# New Quilt project



## phideaux (Nov 7, 2015)

My wife hand sews lots of quilts,
That's her passion, never uses a machine , all by hand.
Then she gives them to family and friends.

I thought I would show yall the newest quilt project , that she has embarked on,

This is a pic of her next quilt..









Thought , some here may be quilters.

Jim


----------



## Flight1630 (Jan 4, 2017)

I'm no quilter barely know how to sew. But that will be a very awesome quilt. Tell your wife you go girl from Flight


----------



## weedygarden (Apr 27, 2011)

That is a beautiful quilt!

I have made a few quilts in my life and have a few in progress.


----------



## tmttactical (Nov 23, 2015)

phideaux said:


> My wife hand sews lots of quilts,
> That's her passion, never uses a machine , all by hand.
> Then she gives them to family and friends.
> 
> ...


Not religious but I would purchase that quilt on the shear beauty. Magnificent.


----------



## SewingMachine (Mar 26, 2017)

phideaux said:


> My wife hand sews lots of quilts,
> That's her passion, never uses a machine , all by hand.
> Then she gives them to family and friends.
> 
> ...


Jim, that is awesome!

I made a quilt with tan, green, and multicam a few years back, the pattern was "arrows". I had some serious equipment, and I was set up for production sewing, and it was a ton of work.

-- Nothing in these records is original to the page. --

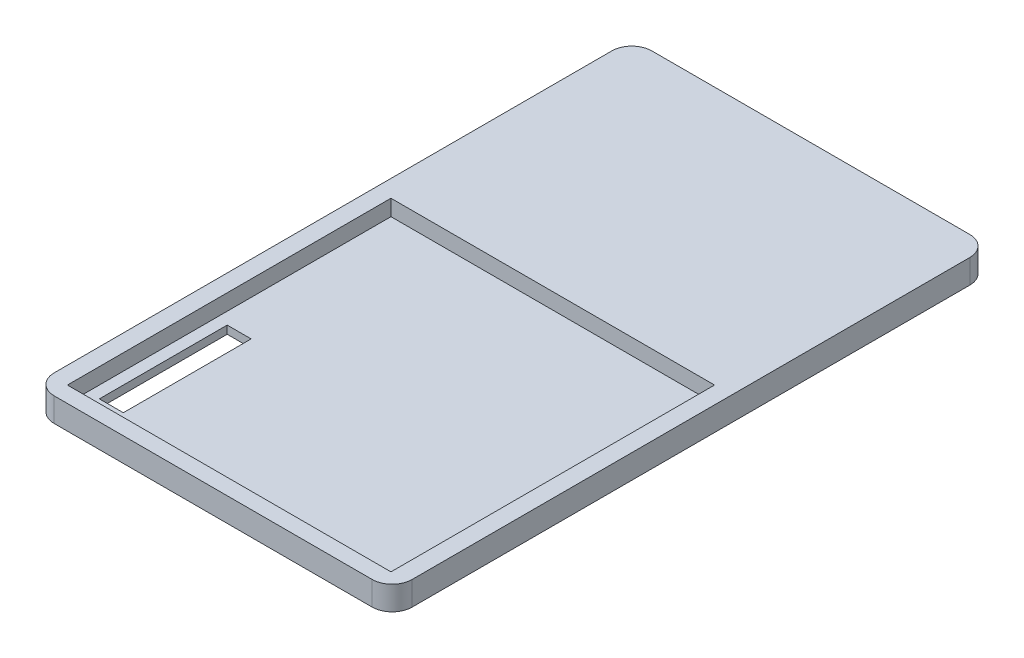
ISO-10303-21;
HEADER;
FILE_DESCRIPTION(('STEP AP214'),'2;1');
FILE_NAME('part.step','',(''),(''),'','','');
FILE_SCHEMA(('AUTOMOTIVE_DESIGN { 1 0 10303 214 1 1 1 1 }'));
ENDSEC;
DATA;
#1=APPLICATION_CONTEXT('core data for automotive mechanical design processes');
#2=APPLICATION_PROTOCOL_DEFINITION('international standard','automotive_design',2000,#1);
#3=PRODUCT_CONTEXT('',#1,'mechanical');
#4=PRODUCT('Part','Part','',(#3));
#5=PRODUCT_RELATED_PRODUCT_CATEGORY('part','',(#4));
#6=PRODUCT_DEFINITION_FORMATION('','',#4);
#7=PRODUCT_DEFINITION_CONTEXT('part definition',#1,'design');
#8=PRODUCT_DEFINITION('design','',#6,#7);
#9=PRODUCT_DEFINITION_SHAPE('','',#8);
#10=(LENGTH_UNIT() NAMED_UNIT(*) SI_UNIT(.MILLI.,.METRE.));
#11=(NAMED_UNIT(*) PLANE_ANGLE_UNIT() SI_UNIT($,.RADIAN.));
#12=(NAMED_UNIT(*) SI_UNIT($,.STERADIAN.) SOLID_ANGLE_UNIT());
#13=UNCERTAINTY_MEASURE_WITH_UNIT(LENGTH_MEASURE(1.E-05),#10,'distance_accuracy_value','');
#14=(GEOMETRIC_REPRESENTATION_CONTEXT(3) GLOBAL_UNCERTAINTY_ASSIGNED_CONTEXT((#13)) GLOBAL_UNIT_ASSIGNED_CONTEXT((#10,
#11,#12)) REPRESENTATION_CONTEXT('',''));
#15=CARTESIAN_POINT('',(0.,0.,0.));
#16=DIRECTION('',(0.,0.,1.));
#17=DIRECTION('',(1.,0.,0.));
#18=AXIS2_PLACEMENT_3D('',#15,#16,#17);
#19=CARTESIAN_POINT('',(0.,3.,-37.4));
#20=DIRECTION('',(0.,0.,-1.));
#21=DIRECTION('',(-1.,0.,0.));
#22=AXIS2_PLACEMENT_3D('',#19,#20,#21);
#23=PLANE('',#22);
#24=DIRECTION('',(1.,0.,0.));
#25=VECTOR('',#24,1.);
#26=CARTESIAN_POINT('',(0.,0.,-37.4));
#27=LINE('',#26,#25);
#28=CARTESIAN_POINT('',(-19.9,0.,-37.4));
#29=VERTEX_POINT('',#28);
#30=CARTESIAN_POINT('',(19.9,0.,-37.4));
#31=VERTEX_POINT('',#30);
#32=EDGE_CURVE('E164',#29,#31,#27,.T.);
#33=ORIENTED_EDGE('',*,*,#32,.F.);
#34=DIRECTION('',(0.,-1.,0.));
#35=VECTOR('',#34,1.);
#36=CARTESIAN_POINT('',(-19.9,3.,-37.4));
#37=LINE('',#36,#35);
#38=CARTESIAN_POINT('',(-19.9,3.,-37.4));
#39=VERTEX_POINT('',#38);
#40=EDGE_CURVE('E11',#39,#29,#37,.T.);
#41=ORIENTED_EDGE('',*,*,#40,.F.);
#42=DIRECTION('',(1.,0.,0.));
#43=VECTOR('',#42,1.);
#44=CARTESIAN_POINT('',(0.,3.,-37.4));
#45=LINE('',#44,#43);
#46=CARTESIAN_POINT('',(19.9,3.,-37.4));
#47=VERTEX_POINT('',#46);
#48=EDGE_CURVE('E218',#39,#47,#45,.T.);
#49=ORIENTED_EDGE('',*,*,#48,.T.);
#50=DIRECTION('',(0.,-1.,0.));
#51=VECTOR('',#50,1.);
#52=CARTESIAN_POINT('',(19.9,3.,-37.4));
#53=LINE('',#52,#51);
#54=EDGE_CURVE('E263',#47,#31,#53,.T.);
#55=ORIENTED_EDGE('',*,*,#54,.T.);
#56=EDGE_LOOP('',(#33,#41,#49,#55));
#57=FACE_BOUND('',#56,.T.);
#58=ADVANCED_FACE('F37',(#57),#23,.T.);
#59=CARTESIAN_POINT('',(-19.9,3.,-34.9));
#60=DIRECTION('',(0.,-1.,0.));
#61=DIRECTION('',(0.,0.,-1.));
#62=AXIS2_PLACEMENT_3D('',#59,#60,#61);
#63=CYLINDRICAL_SURFACE('',#62,2.5);
#64=CARTESIAN_POINT('',(-19.9,0.,-34.9));
#65=DIRECTION('',(0.,1.,0.));
#66=DIRECTION('',(0.,0.,1.));
#67=AXIS2_PLACEMENT_3D('',#64,#65,#66);
#68=CIRCLE('',#67,2.5);
#69=CARTESIAN_POINT('',(-22.4,0.,-34.9));
#70=VERTEX_POINT('',#69);
#71=EDGE_CURVE('E243',#29,#70,#68,.T.);
#72=ORIENTED_EDGE('',*,*,#71,.T.);
#73=DIRECTION('',(0.,-1.,0.));
#74=VECTOR('',#73,1.);
#75=CARTESIAN_POINT('',(-22.4,3.,-34.9));
#76=LINE('',#75,#74);
#77=CARTESIAN_POINT('',(-22.4,3.,-34.9));
#78=VERTEX_POINT('',#77);
#79=EDGE_CURVE('E46',#78,#70,#76,.T.);
#80=ORIENTED_EDGE('',*,*,#79,.F.);
#81=CARTESIAN_POINT('',(-19.9,3.,-34.9));
#82=DIRECTION('',(0.,1.,0.));
#83=DIRECTION('',(0.,0.,1.));
#84=AXIS2_PLACEMENT_3D('',#81,#82,#83);
#85=CIRCLE('',#84,2.5);
#86=EDGE_CURVE('E221',#39,#78,#85,.T.);
#87=ORIENTED_EDGE('',*,*,#86,.F.);
#88=ORIENTED_EDGE('',*,*,#40,.T.);
#89=EDGE_LOOP('',(#72,#80,#87,#88));
#90=FACE_BOUND('',#89,.T.);
#91=ADVANCED_FACE('F305',(#90),#63,.T.);
#92=CARTESIAN_POINT('',(-22.4,3.,0.));
#93=DIRECTION('',(1.,0.,0.));
#94=DIRECTION('',(0.,0.,-1.));
#95=AXIS2_PLACEMENT_3D('',#92,#93,#94);
#96=PLANE('',#95);
#97=DIRECTION('',(0.,0.,1.));
#98=VECTOR('',#97,1.);
#99=CARTESIAN_POINT('',(-22.4,0.,0.));
#100=LINE('',#99,#98);
#101=CARTESIAN_POINT('',(-22.4,0.,34.9));
#102=VERTEX_POINT('',#101);
#103=EDGE_CURVE('E246',#70,#102,#100,.T.);
#104=ORIENTED_EDGE('',*,*,#103,.T.);
#105=DIRECTION('',(0.,-1.,0.));
#106=VECTOR('',#105,1.);
#107=CARTESIAN_POINT('',(-22.4,3.,34.9));
#108=LINE('',#107,#106);
#109=CARTESIAN_POINT('',(-22.4,3.,34.9));
#110=VERTEX_POINT('',#109);
#111=EDGE_CURVE('E275',#110,#102,#108,.T.);
#112=ORIENTED_EDGE('',*,*,#111,.F.);
#113=DIRECTION('',(0.,0.,1.));
#114=VECTOR('',#113,1.);
#115=CARTESIAN_POINT('',(-22.4,3.,0.));
#116=LINE('',#115,#114);
#117=EDGE_CURVE('E224',#78,#110,#116,.T.);
#118=ORIENTED_EDGE('',*,*,#117,.F.);
#119=ORIENTED_EDGE('',*,*,#79,.T.);
#120=EDGE_LOOP('',(#104,#112,#118,#119));
#121=FACE_BOUND('',#120,.T.);
#122=ADVANCED_FACE('F311',(#121),#96,.F.);
#123=CARTESIAN_POINT('',(-19.9,3.,34.9));
#124=DIRECTION('',(0.,-1.,0.));
#125=DIRECTION('',(0.,0.,-1.));
#126=AXIS2_PLACEMENT_3D('',#123,#124,#125);
#127=CYLINDRICAL_SURFACE('',#126,2.5);
#128=CARTESIAN_POINT('',(-19.9,0.,34.9));
#129=DIRECTION('',(0.,1.,0.));
#130=DIRECTION('',(0.,0.,1.));
#131=AXIS2_PLACEMENT_3D('',#128,#129,#130);
#132=CIRCLE('',#131,2.5);
#133=CARTESIAN_POINT('',(-19.9,0.,37.4));
#134=VERTEX_POINT('',#133);
#135=EDGE_CURVE('E249',#102,#134,#132,.T.);
#136=ORIENTED_EDGE('',*,*,#135,.T.);
#137=DIRECTION('',(0.,-1.,0.));
#138=VECTOR('',#137,1.);
#139=CARTESIAN_POINT('',(-19.9,3.,37.4));
#140=LINE('',#139,#138);
#141=CARTESIAN_POINT('',(-19.9,3.,37.4));
#142=VERTEX_POINT('',#141);
#143=EDGE_CURVE('E272',#142,#134,#140,.T.);
#144=ORIENTED_EDGE('',*,*,#143,.F.);
#145=CARTESIAN_POINT('',(-19.9,3.,34.9));
#146=DIRECTION('',(0.,1.,0.));
#147=DIRECTION('',(0.,0.,1.));
#148=AXIS2_PLACEMENT_3D('',#145,#146,#147);
#149=CIRCLE('',#148,2.5);
#150=EDGE_CURVE('E227',#110,#142,#149,.T.);
#151=ORIENTED_EDGE('',*,*,#150,.F.);
#152=ORIENTED_EDGE('',*,*,#111,.T.);
#153=EDGE_LOOP('',(#136,#144,#151,#152));
#154=FACE_BOUND('',#153,.T.);
#155=ADVANCED_FACE('F437',(#154),#127,.T.);
#156=CARTESIAN_POINT('',(0.,3.,37.4));
#157=DIRECTION('',(0.,0.,-1.));
#158=DIRECTION('',(-1.,0.,0.));
#159=AXIS2_PLACEMENT_3D('',#156,#157,#158);
#160=PLANE('',#159);
#161=DIRECTION('',(1.,0.,0.));
#162=VECTOR('',#161,1.);
#163=CARTESIAN_POINT('',(0.,0.,37.4));
#164=LINE('',#163,#162);
#165=CARTESIAN_POINT('',(19.9,0.,37.4));
#166=VERTEX_POINT('',#165);
#167=EDGE_CURVE('E252',#134,#166,#164,.T.);
#168=ORIENTED_EDGE('',*,*,#167,.T.);
#169=DIRECTION('',(0.,-1.,0.));
#170=VECTOR('',#169,1.);
#171=CARTESIAN_POINT('',(19.9,3.,37.4));
#172=LINE('',#171,#170);
#173=CARTESIAN_POINT('',(19.9,3.,37.4));
#174=VERTEX_POINT('',#173);
#175=EDGE_CURVE('E269',#174,#166,#172,.T.);
#176=ORIENTED_EDGE('',*,*,#175,.F.);
#177=DIRECTION('',(1.,0.,0.));
#178=VECTOR('',#177,1.);
#179=CARTESIAN_POINT('',(0.,3.,37.4));
#180=LINE('',#179,#178);
#181=EDGE_CURVE('E230',#142,#174,#180,.T.);
#182=ORIENTED_EDGE('',*,*,#181,.F.);
#183=ORIENTED_EDGE('',*,*,#143,.T.);
#184=EDGE_LOOP('',(#168,#176,#182,#183));
#185=FACE_BOUND('',#184,.T.);
#186=ADVANCED_FACE('F428',(#185),#160,.F.);
#187=CARTESIAN_POINT('',(19.9,3.,34.9));
#188=DIRECTION('',(0.,-1.,0.));
#189=DIRECTION('',(0.,0.,-1.));
#190=AXIS2_PLACEMENT_3D('',#187,#188,#189);
#191=CYLINDRICAL_SURFACE('',#190,2.5);
#192=CARTESIAN_POINT('',(19.9,0.,34.9));
#193=DIRECTION('',(0.,1.,0.));
#194=DIRECTION('',(0.,0.,1.));
#195=AXIS2_PLACEMENT_3D('',#192,#193,#194);
#196=CIRCLE('',#195,2.5);
#197=CARTESIAN_POINT('',(22.4,0.,34.9));
#198=VERTEX_POINT('',#197);
#199=EDGE_CURVE('E255',#166,#198,#196,.T.);
#200=ORIENTED_EDGE('',*,*,#199,.T.);
#201=DIRECTION('',(0.,-1.,0.));
#202=VECTOR('',#201,1.);
#203=CARTESIAN_POINT('',(22.4,3.,34.9));
#204=LINE('',#203,#202);
#205=CARTESIAN_POINT('',(22.4,3.,34.9));
#206=VERTEX_POINT('',#205);
#207=EDGE_CURVE('E267',#206,#198,#204,.T.);
#208=ORIENTED_EDGE('',*,*,#207,.F.);
#209=CARTESIAN_POINT('',(19.9,3.,34.9));
#210=DIRECTION('',(0.,1.,0.));
#211=DIRECTION('',(0.,0.,1.));
#212=AXIS2_PLACEMENT_3D('',#209,#210,#211);
#213=CIRCLE('',#212,2.5);
#214=EDGE_CURVE('E233',#174,#206,#213,.T.);
#215=ORIENTED_EDGE('',*,*,#214,.F.);
#216=ORIENTED_EDGE('',*,*,#175,.T.);
#217=EDGE_LOOP('',(#200,#208,#215,#216));
#218=FACE_BOUND('',#217,.T.);
#219=ADVANCED_FACE('F301',(#218),#191,.T.);
#220=CARTESIAN_POINT('',(22.4,3.,0.));
#221=DIRECTION('',(1.,0.,0.));
#222=DIRECTION('',(0.,0.,-1.));
#223=AXIS2_PLACEMENT_3D('',#220,#221,#222);
#224=PLANE('',#223);
#225=DIRECTION('',(0.,0.,1.));
#226=VECTOR('',#225,1.);
#227=CARTESIAN_POINT('',(22.4,0.,0.));
#228=LINE('',#227,#226);
#229=CARTESIAN_POINT('',(22.4,0.,-34.9));
#230=VERTEX_POINT('',#229);
#231=EDGE_CURVE('E258',#230,#198,#228,.T.);
#232=ORIENTED_EDGE('',*,*,#231,.F.);
#233=DIRECTION('',(0.,-1.,0.));
#234=VECTOR('',#233,1.);
#235=CARTESIAN_POINT('',(22.4,3.,-34.9));
#236=LINE('',#235,#234);
#237=CARTESIAN_POINT('',(22.4,3.,-34.9));
#238=VERTEX_POINT('',#237);
#239=EDGE_CURVE('E265',#238,#230,#236,.T.);
#240=ORIENTED_EDGE('',*,*,#239,.F.);
#241=DIRECTION('',(0.,0.,1.));
#242=VECTOR('',#241,1.);
#243=CARTESIAN_POINT('',(22.4,3.,0.));
#244=LINE('',#243,#242);
#245=EDGE_CURVE('E235',#238,#206,#244,.T.);
#246=ORIENTED_EDGE('',*,*,#245,.T.);
#247=ORIENTED_EDGE('',*,*,#207,.T.);
#248=EDGE_LOOP('',(#232,#240,#246,#247));
#249=FACE_BOUND('',#248,.T.);
#250=ADVANCED_FACE('F296',(#249),#224,.T.);
#251=CARTESIAN_POINT('',(0.,3.,-5.10000000000002));
#252=DIRECTION('',(0.,0.,-1.));
#253=DIRECTION('',(-1.,0.,0.));
#254=AXIS2_PLACEMENT_3D('',#251,#252,#253);
#255=PLANE('',#254);
#256=DIRECTION('',(0.,-1.,0.));
#257=VECTOR('',#256,1.);
#258=CARTESIAN_POINT('',(-20.25,3.,-5.10000000000001));
#259=LINE('',#258,#257);
#260=CARTESIAN_POINT('',(-20.25,3.,-5.10000000000001));
#261=VERTEX_POINT('',#260);
#262=CARTESIAN_POINT('',(-20.25,1.,-5.10000000000001));
#263=VERTEX_POINT('',#262);
#264=EDGE_CURVE('E240',#261,#263,#259,.T.);
#265=ORIENTED_EDGE('',*,*,#264,.T.);
#266=DIRECTION('',(1.,0.,0.));
#267=VECTOR('',#266,1.);
#268=CARTESIAN_POINT('',(0.,1.,-5.10000000000002));
#269=LINE('',#268,#267);
#270=CARTESIAN_POINT('',(20.25,1.,-5.10000000000002));
#271=VERTEX_POINT('',#270);
#272=EDGE_CURVE('E54',#263,#271,#269,.T.);
#273=ORIENTED_EDGE('',*,*,#272,.T.);
#274=DIRECTION('',(0.,-1.,0.));
#275=VECTOR('',#274,1.);
#276=CARTESIAN_POINT('',(20.25,3.,-5.10000000000002));
#277=LINE('',#276,#275);
#278=CARTESIAN_POINT('',(20.25,3.,-5.10000000000002));
#279=VERTEX_POINT('',#278);
#280=EDGE_CURVE('E41',#279,#271,#277,.T.);
#281=ORIENTED_EDGE('',*,*,#280,.F.);
#282=DIRECTION('',(1.,0.,0.));
#283=VECTOR('',#282,1.);
#284=CARTESIAN_POINT('',(0.,3.,-5.10000000000002));
#285=LINE('',#284,#283);
#286=EDGE_CURVE('E206',#261,#279,#285,.T.);
#287=ORIENTED_EDGE('',*,*,#286,.F.);
#288=EDGE_LOOP('',(#265,#273,#281,#287));
#289=FACE_BOUND('',#288,.T.);
#290=ADVANCED_FACE('F39',(#289),#255,.F.);
#291=CARTESIAN_POINT('',(20.25,3.,0.));
#292=DIRECTION('',(1.,0.,0.));
#293=DIRECTION('',(0.,0.,-1.));
#294=AXIS2_PLACEMENT_3D('',#291,#292,#293);
#295=PLANE('',#294);
#296=ORIENTED_EDGE('',*,*,#280,.T.);
#297=DIRECTION('',(0.,0.,1.));
#298=VECTOR('',#297,1.);
#299=CARTESIAN_POINT('',(20.25,1.,0.));
#300=LINE('',#299,#298);
#301=CARTESIAN_POINT('',(20.25,1.,35.4));
#302=VERTEX_POINT('',#301);
#303=EDGE_CURVE('E61',#271,#302,#300,.T.);
#304=ORIENTED_EDGE('',*,*,#303,.T.);
#305=DIRECTION('',(0.,-1.,0.));
#306=VECTOR('',#305,1.);
#307=CARTESIAN_POINT('',(20.25,3.,35.4));
#308=LINE('',#307,#306);
#309=CARTESIAN_POINT('',(20.25,3.,35.4));
#310=VERTEX_POINT('',#309);
#311=EDGE_CURVE('E282',#310,#302,#308,.T.);
#312=ORIENTED_EDGE('',*,*,#311,.F.);
#313=DIRECTION('',(0.,0.,1.));
#314=VECTOR('',#313,1.);
#315=CARTESIAN_POINT('',(20.25,3.,0.));
#316=LINE('',#315,#314);
#317=EDGE_CURVE('E209',#279,#310,#316,.T.);
#318=ORIENTED_EDGE('',*,*,#317,.F.);
#319=EDGE_LOOP('',(#296,#304,#312,#318));
#320=FACE_BOUND('',#319,.T.);
#321=ADVANCED_FACE('F285',(#320),#295,.F.);
#322=CARTESIAN_POINT('',(0.,3.,35.4));
#323=DIRECTION('',(0.,0.,-1.));
#324=DIRECTION('',(-1.,0.,0.));
#325=AXIS2_PLACEMENT_3D('',#322,#323,#324);
#326=PLANE('',#325);
#327=DIRECTION('',(1.,0.,0.));
#328=VECTOR('',#327,1.);
#329=CARTESIAN_POINT('',(0.,1.,35.4));
#330=LINE('',#329,#328);
#331=CARTESIAN_POINT('',(-20.25,1.,35.4));
#332=VERTEX_POINT('',#331);
#333=EDGE_CURVE('E190',#332,#302,#330,.T.);
#334=ORIENTED_EDGE('',*,*,#333,.F.);
#335=DIRECTION('',(0.,-1.,0.));
#336=VECTOR('',#335,1.);
#337=CARTESIAN_POINT('',(-20.25,3.,35.4));
#338=LINE('',#337,#336);
#339=CARTESIAN_POINT('',(-20.25,3.,35.4));
#340=VERTEX_POINT('',#339);
#341=EDGE_CURVE('E281',#340,#332,#338,.T.);
#342=ORIENTED_EDGE('',*,*,#341,.F.);
#343=DIRECTION('',(1.,0.,0.));
#344=VECTOR('',#343,1.);
#345=CARTESIAN_POINT('',(0.,3.,35.4));
#346=LINE('',#345,#344);
#347=EDGE_CURVE('E212',#340,#310,#346,.T.);
#348=ORIENTED_EDGE('',*,*,#347,.T.);
#349=ORIENTED_EDGE('',*,*,#311,.T.);
#350=EDGE_LOOP('',(#334,#342,#348,#349));
#351=FACE_BOUND('',#350,.T.);
#352=ADVANCED_FACE('F287',(#351),#326,.T.);
#353=CARTESIAN_POINT('',(-20.25,3.,0.));
#354=DIRECTION('',(1.,0.,0.));
#355=DIRECTION('',(0.,0.,-1.));
#356=AXIS2_PLACEMENT_3D('',#353,#354,#355);
#357=PLANE('',#356);
#358=DIRECTION('',(0.,0.,1.));
#359=VECTOR('',#358,1.);
#360=CARTESIAN_POINT('',(-20.25,1.,0.));
#361=LINE('',#360,#359);
#362=EDGE_CURVE('E187',#263,#332,#361,.T.);
#363=ORIENTED_EDGE('',*,*,#362,.F.);
#364=ORIENTED_EDGE('',*,*,#264,.F.);
#365=DIRECTION('',(0.,0.,1.));
#366=VECTOR('',#365,1.);
#367=CARTESIAN_POINT('',(-20.25,3.,0.));
#368=LINE('',#367,#366);
#369=EDGE_CURVE('E215',#261,#340,#368,.T.);
#370=ORIENTED_EDGE('',*,*,#369,.T.);
#371=ORIENTED_EDGE('',*,*,#341,.T.);
#372=EDGE_LOOP('',(#363,#364,#370,#371));
#373=FACE_BOUND('',#372,.T.);
#374=ADVANCED_FACE('F294',(#373),#357,.T.);
#375=CARTESIAN_POINT('',(19.9,3.,-34.9));
#376=DIRECTION('',(0.,-1.,0.));
#377=DIRECTION('',(0.,0.,-1.));
#378=AXIS2_PLACEMENT_3D('',#375,#376,#377);
#379=CYLINDRICAL_SURFACE('',#378,2.5);
#380=CARTESIAN_POINT('',(19.9,0.,-34.9));
#381=DIRECTION('',(0.,1.,0.));
#382=DIRECTION('',(0.,0.,1.));
#383=AXIS2_PLACEMENT_3D('',#380,#381,#382);
#384=CIRCLE('',#383,2.5);
#385=EDGE_CURVE('E210',#230,#31,#384,.T.);
#386=ORIENTED_EDGE('',*,*,#385,.T.);
#387=ORIENTED_EDGE('',*,*,#54,.F.);
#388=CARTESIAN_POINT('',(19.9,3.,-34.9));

I seriously admire the dedication required to do that by hand. Hope the family and friends appreciate the effort and love that goes into a handmade item like that.


----------



## AmishHeart (Jun 10, 2016)

Beautiful!
I have a number of quilts made by hand by relatives.
Mom's "pod" of stuff was delivered today and I about had a heart attack...a handmade quilt made bya cousin was taken out of the protective packing and used to cover furniture with.


----------



## tmttactical (Nov 23, 2015)

AmishHeart said:


> Beautiful!
> I have a number of quilts made by hand by relatives.
> Mom's "pod" of stuff was delivered today and I about had a heart attack...a handmade quilt made bya cousin was taken out of the protective packing and used to cover furniture with.


I hope it was not damaged. The problem with modern / younger folks, they don't know about or have ever heard of quilts. To these people, it is just another blanket.

They be tech smart and knowledge poor. JMHO


----------



## Grimm (Sep 5, 2012)

tmttactical said:


> I hope it was not damaged. The problem with modern / younger folks, they don't know about or have ever heard of quilts. To these people, it is just another blanket.
> 
> They be tech smart and knowledge poor. JMHO


K use to be of that mentality about the quilts my mom made me when we were first married. I had to show him how much work she puts into each before he understood and went out and bought a dozen Harbor Freight furnie pads.


----------



## DrPrepper (Apr 17, 2016)

That is a magnificent quilt!


----------



## Danil54 (May 8, 2017)

That is a gorgeous quilt! I know how much time and effort goes into making one of those. On our guest bed is one made by Great Mother, who was my hunny's grandma given to us by my MIL. I never got to meet the lady, but have heard so many stories & have been given such beautiful needlework that she did. Made one for my granddaughter when she was born & now that she has grown to a "real bed" her momma wants me to make another one.


----------



## Grimm (Sep 5, 2012)

My mom made Roo several baby quilts- some I provided the fabrics for and others she did from her vast stash. She even made the cover for my Moses basket that Roo only used for a short time before she grew out of it. Now Roo has 3 quilts my mom made for her and a few that she made for me when I was a child. 

She also made Juju Bee a cover for the Moses basket and some crib quilts we use. She is rushing to make a bunch of quilts for Juju for when she graduates to a 'big girl' bed so they are ready. Not to mention she has made a bunch of quilt tops that just need binding and backs.

I think her goal is to use up her fabric stash before she passes.


----------



## Grimm (Sep 5, 2012)

I should mention that I grew up thinking that quilts are the only type of blank/bed covering used. It wasn't til I moved out in my early 20s and got married did I realize that some people use duvets and store bought blankets.

Also that when a quilt got worn my mom just recovered it rather than scrap it as a 'cutter'. I have a quilt she made me as a child with cats on it and it was a recovered quilt. The cat top is ripping from wear and you can see the old quilt underneath that has holes in it. I might have my mom make a new top and recover it one last time. I will say recovered quilts are thick and very warm!


----------



## phideaux (Nov 7, 2015)

Maybe we can post some pics of family quilts.

I know my wife will be the first to appreciate them

Ill try to get some pics of some she and her mom have made over the years.



Jim


----------



## Grimm (Sep 5, 2012)

phideaux said:


> Maybe we can post some pics of family quilts.
> 
> I know my wife will be the first to appreciate them
> 
> ...


I'll have to get a picture of Roo's storybook quilt my mom made her after her first Disneyland trip.


----------



## phideaux (Nov 7, 2015)

This is one my wife made , fairly quickly, for one of the grand daughters that was into "Peace" symbols..









Jim


----------



## phideaux (Nov 7, 2015)

This one , my wife just finished last week. Took her about a year.
Its called an Iris quilt.
It will be going to her brother for their 50th wedding anniversary.

















Jim


----------